• Work item:
Transcribe the records below word for word, beginning with the first line and stopping after the line that contains "msp = doc.modelspace()"; pictures are not part of the copy.

(Records from a data source)
+-------+

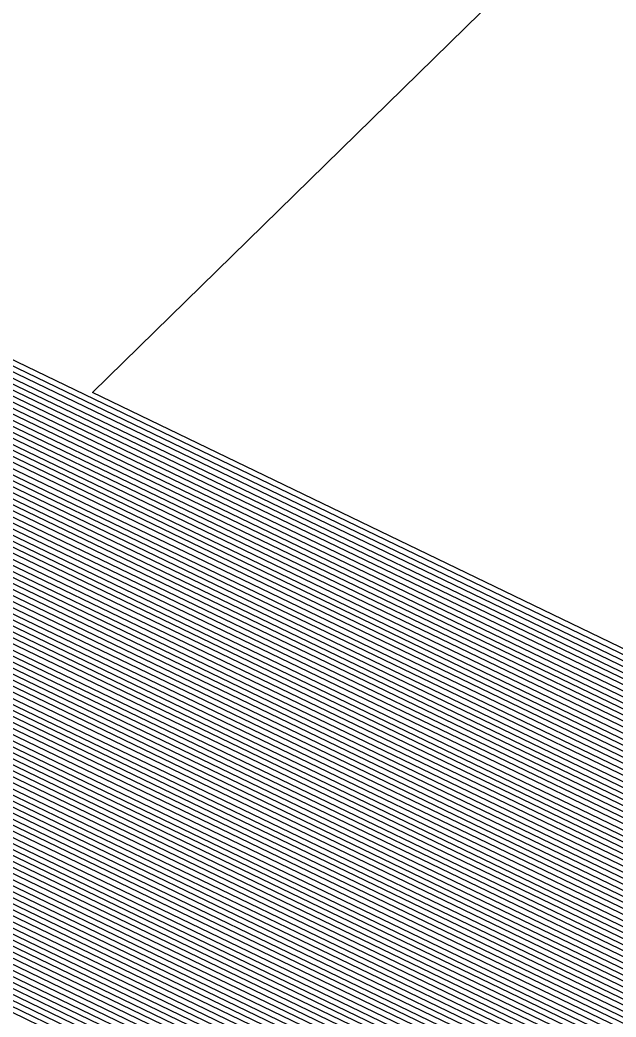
# Model space of a CAD drawing. Extents: x 7084 to 11035, y 13750 to 16729.
# Drawn here: x 8699.7897 to 8700.0362, y 15504.4809 to 15504.8933 of the extents above; entities that cross this region are included whole.
import ezdxf

# ---------------------------------------------------------------- set-up
doc = ezdxf.new("R2010")
doc.units = 0
doc.layers.add('Default', color=7, linetype='Continuous')

msp = doc.modelspace()

# ---------------------------------------------------------------- linework, layer by layer
at = {"layer": 'Default'}
for points in [[(8354.19026, 15235.59937), (8488.21016, 15305.7114), (8508.31155, 15304.51004), (8553.02361, 15397.12782), (8607.68443, 15405.53719), (8646.00902, 15459.83045), (8686.65427, 15440.20861), (8740.76611, 15426.09923), (8798.81013, 15462.37672), (8739.35063, 15534.42323), (8705.8166, 15501.5842), (8665.17135, 15521.20604), (8698.70538, 15554.04507), (8757.96307, 15674.86777), (8829.82169, 15725.9673), (8951.18301, 15754.71076), (8993.8257, 15823.29864), (9121.75377, 15734.89649)], [(9618.29926, 15708.34857), (9450.43738, 15663.74772), (9361.66231, 15697.64363), (9274.50145, 15728.31134), (9119.54871, 15733.15367), (8994.76641, 15819.38199), (8953.17231, 15752.4807), (8830.50134, 15723.42705), (8757.86727, 15671.77609), (8700.06673, 15553.92444), (8666.17083, 15520.73104), (8705.8166, 15501.5917), (8739.71251, 15534.78511), (8799.81366, 15461.96111), (8741.14326, 15425.29214), (8686.44748, 15439.55378), (8646.80171, 15458.69312), (8608.06354, 15403.81396), (8554.74684, 15395.61138), (8509.55228, 15301.99412), (8489.94518, 15303.16594), (8359.22085, 15234.77798)], [(8360.89772, 15234.50419), (8490.52352, 15302.31746), (8509.96585, 15301.15548), (8555.32125, 15395.1059), (8608.18991, 15403.23955), (8647.06594, 15458.31401), (8686.37855, 15439.33551), (8741.26898, 15425.02311), (8800.14817, 15461.82258), (8739.83313, 15534.90573), (8705.8166, 15501.5942), (8666.50399, 15520.5727), (8700.52052, 15553.88423), (8757.83533, 15670.74553), (8830.72789, 15722.5803), (8953.83541, 15751.73734), (8995.07998, 15818.07644), (9118.81369, 15732.57273)], [(8377.66636, 15231.76622), (8496.30693, 15293.83261), (8514.1016, 15292.7691), (8561.06535, 15390.05109), (8609.45361, 15397.49545), (8649.70822, 15454.52291), (8685.68926, 15437.15275), (8742.52615, 15422.33283), (8803.49326, 15460.43724), (8741.03939, 15536.11199), (8705.8166, 15501.6192), (8669.83556, 15518.98935), (8705.05835, 15553.48214), (8757.51598, 15660.43995), (8832.99338, 15714.11283), (8960.46642, 15744.3038), (8998.21569, 15805.02095), (9111.46349, 15726.76331), (9272.482, 15721.73142), (9363.05485, 15689.8632)], [(8382.69695, 15230.94483), (8498.04195, 15291.28715), (8515.34232, 15290.25319), (8562.78858, 15388.53465), (8609.83272, 15395.77222), (8650.50091, 15453.38558), (8685.48247, 15436.49793), (8742.90331, 15421.52574), (8804.49679, 15460.02164), (8741.40127, 15536.47387), (8705.8166, 15501.6267), (8670.83504, 15518.51435), (8706.41971, 15553.36152), (8757.42018, 15657.34827), (8833.67303, 15711.57259), (8962.45572, 15742.07374), (8999.1564, 15801.1043), (9109.25843, 15725.02048), (9271.93124, 15719.9369)], [(8389.40441, 15229.84965), (8500.35531, 15287.89321), (8516.99662, 15286.89864), (8565.08622, 15386.51273), (8610.3382, 15393.47458), (8651.55782, 15451.86914), (8685.20675, 15435.62483), (8743.40618, 15420.44963), (8805.83483, 15459.4675), (8741.88377, 15536.95637), (8705.8166, 15501.6367), (8672.16767, 15517.88101), (8708.23484, 15553.20068), (8757.29243, 15653.22603), (8834.57923, 15708.1856), (8965.10812, 15739.10033), (9000.41068, 15795.8821), (9106.31835, 15722.69672), (9271.19689, 15717.5442), (9363.94101, 15684.91201), (9458.40273, 15648.84484), (9600.87373, 15686.69933)], [(9595.06523, 15679.48293), (9461.05785, 15643.87721), (9364.70057, 15680.66814), (9270.09536, 15713.95515), (9101.90822, 15719.21107), (9002.2921, 15788.0488), (8969.08673, 15734.64021), (8835.93852, 15703.10511), (8757.10082, 15647.04268), (8710.95754, 15552.95943), (8674.16661, 15516.931), (8705.8166, 15501.6517), (8742.60753, 15537.68013), (8807.84188, 15458.63629), (8744.16048, 15418.83545), (8684.79318, 15434.31517), (8653.14319, 15449.59447), (8611.09643, 15390.02813), (8568.53267, 15383.47985), (8519.47808, 15281.86681), (8503.82535, 15282.8023), (8399.4656, 15228.20687)], [(8395.76562, 15139.48742), (8402.81932, 15227.65927), (8504.98203, 15281.10533), (8520.30523, 15280.18953), (8569.68149, 15382.46889), (8611.34917, 15388.87931), (8653.67165, 15448.83625), (8684.65532, 15433.87862), (8744.41192, 15418.2974), (8808.5109, 15458.35923), (8742.84878, 15537.92138), (8705.8166, 15501.6567), (8674.83293, 15516.61433), (8711.86511, 15552.87901), (8757.03695, 15644.98156), (8836.39162, 15701.41162), (8970.41293, 15733.1535), (9002.91924, 15785.4377), (9100.43818, 15718.04918), (9269.72819, 15712.75881), (9364.95376, 15679.25352), (9461.94289, 15642.22133), (9593.12906, 15677.07746)], [(8397.4195, 15138.92642), (8404.49619, 15227.38548), (8505.56037, 15280.25684), (8520.7188, 15279.3509), (8570.2559, 15381.96341), (8611.47554, 15388.3049), (8653.93588, 15448.45714), (8684.58639, 15433.66035), (8744.53764, 15418.02837), (8808.84541, 15458.22069), (8742.96941, 15538.04201), (8705.8166, 15501.6592), (8675.16609, 15516.456), (8712.3189, 15552.8388), (8757.00502, 15643.95101), (8836.61817, 15700.56487), (8971.07603, 15732.41014), (9003.23281, 15784.13215), (9099.70316, 15717.46824)], [(8570.83031, 15381.45793), (8611.60191, 15387.73049), (8654.20011, 15448.07803), (8684.51746, 15433.44207), (8744.66335, 15417.75934), (8809.17992, 15458.08216), (8743.09003, 15538.16263), (8705.8166, 15501.6617), (8675.49924, 15516.29766), (8712.77268, 15552.7986), (8756.97308, 15642.92045), (8836.84472, 15699.71812), (8971.73913, 15731.66679), (9003.54638, 15782.8266), (9098.96814, 15716.8873), (9269.36102, 15711.56246), (9365.20695, 15677.83889), (9462.82793, 15640.56546), (9591.19289, 15674.67199)], [(8407.84992, 15226.83789), (8506.71706, 15278.55987), (8521.54595, 15277.67362), (8571.40472, 15380.95245), (8611.72828, 15387.15608), (8654.46434, 15447.69892), (8684.44853, 15433.22379), (8744.78907, 15417.49031), (8809.51443, 15457.94362), (8743.21066, 15538.28326), (8705.8166, 15501.6642), (8675.8324, 15516.13933), (8713.22646, 15552.75839), (8756.94115, 15641.88989), (8837.07127, 15698.87138), (8972.40223, 15730.92344), (9003.85995, 15781.52105), (9098.23312, 15716.30636), (9269.17743, 15710.96428), (9365.33354, 15677.13158), (9463.27045, 15639.73752), (9590.2248, 15673.46925)], [(8452.3765, 14999.36804), (8402.38117, 15137.24341), (8409.52678, 15226.56409), (8507.2954, 15277.71139), (8521.95953, 15276.83498), (8571.97913, 15380.44696), (8611.85465, 15386.58167), (8654.72856, 15447.31981), (8684.3796, 15433.00552), (8744.91479, 15417.22128), (8809.84894, 15457.80509), (8743.33129, 15538.40389), (8705.8166, 15501.6667), (8676.16556, 15515.98099), (8713.68025, 15552.71818), (8756.90921, 15640.85933), (8837.29782, 15698.02463), (8973.06533, 15730.18008), (9004.17353, 15780.21551), (9097.4981, 15715.72542), (9268.99384, 15710.36611), (9365.46013, 15676.42427), (9463.71296, 15638.90958), (9589.25672, 15672.26652)], [(8411.20365, 15226.29029), (8507.87374, 15276.8629), (8522.3731, 15275.99634), (8572.55354, 15379.94148), (8611.98102, 15386.00726), (8654.99279, 15446.9407), (8684.31067, 15432.78724), (8745.04051, 15416.95225), (8810.18344, 15457.66656), (8743.45191, 15538.52451), (8705.8166, 15501.6692), (8676.49872, 15515.82266), (8714.13403, 15552.67797), (8756.87728, 15639.82877), (8837.52437, 15697.17788), (8973.72843, 15729.43673), (9004.4871, 15778.90996), (9096.76308, 15715.14447), (9268.81026, 15709.76793), (9365.58673, 15675.71696), (9464.15548, 15638.08164), (9588.28864, 15671.06378)], [(8412.88051, 15226.0165), (8508.45208, 15276.01442), (8522.78668, 15275.15771), (8573.12795, 15379.436), (8612.10739, 15385.43285), (8655.25702, 15446.56159), (8684.24174, 15432.56897), (8745.16622, 15416.68322), (8810.51795, 15457.52802), (8743.57254, 15538.64514), (8705.8166, 15501.6717), (8676.83188, 15515.66432), (8714.58781, 15552.63776), (8756.84535, 15638.79821), (8837.75092, 15696.33113), (8974.39153, 15728.69338), (9004.80067, 15777.60441), (9096.02806, 15714.56353), (9268.62667, 15709.16976), (9365.71332, 15675.00964), (9464.598, 15637.25371), (9587.32055, 15669.86104)], [(8414.55737, 15225.7427), (8509.03042, 15275.16593), (8523.20025, 15274.31907), (8573.70236, 15378.93052), (8612.23376, 15384.85844), (8655.52125, 15446.18248), (8684.17282, 15432.35069), (8745.29194, 15416.4142), (8810.85246, 15457.38949), (8743.69316, 15538.76576), (8705.8166, 15501.6742), (8677.16503, 15515.50599), (8715.0416, 15552.59755), (8756.81341, 15637.76765), (8837.97746, 15695.48438), (8975.05464, 15727.95002), (9005.11424, 15776.29886), (9095.29304, 15713.98259), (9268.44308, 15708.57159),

+-------+

• Solution for this exercise:
# Model space of a CAD drawing. Extents: x 7084 to 11035, y 13750 to 16729.
# Drawn here: x 8699.7897 to 8700.0362, y 15504.4809 to 15504.8933 of the extents above; entities that cross this region are included whole.
import ezdxf

# ---------------------------------------------------------------- set-up
doc = ezdxf.new("R2010")
doc.units = 0
doc.layers.add('Default', color=7, linetype='Continuous')

msp = doc.modelspace()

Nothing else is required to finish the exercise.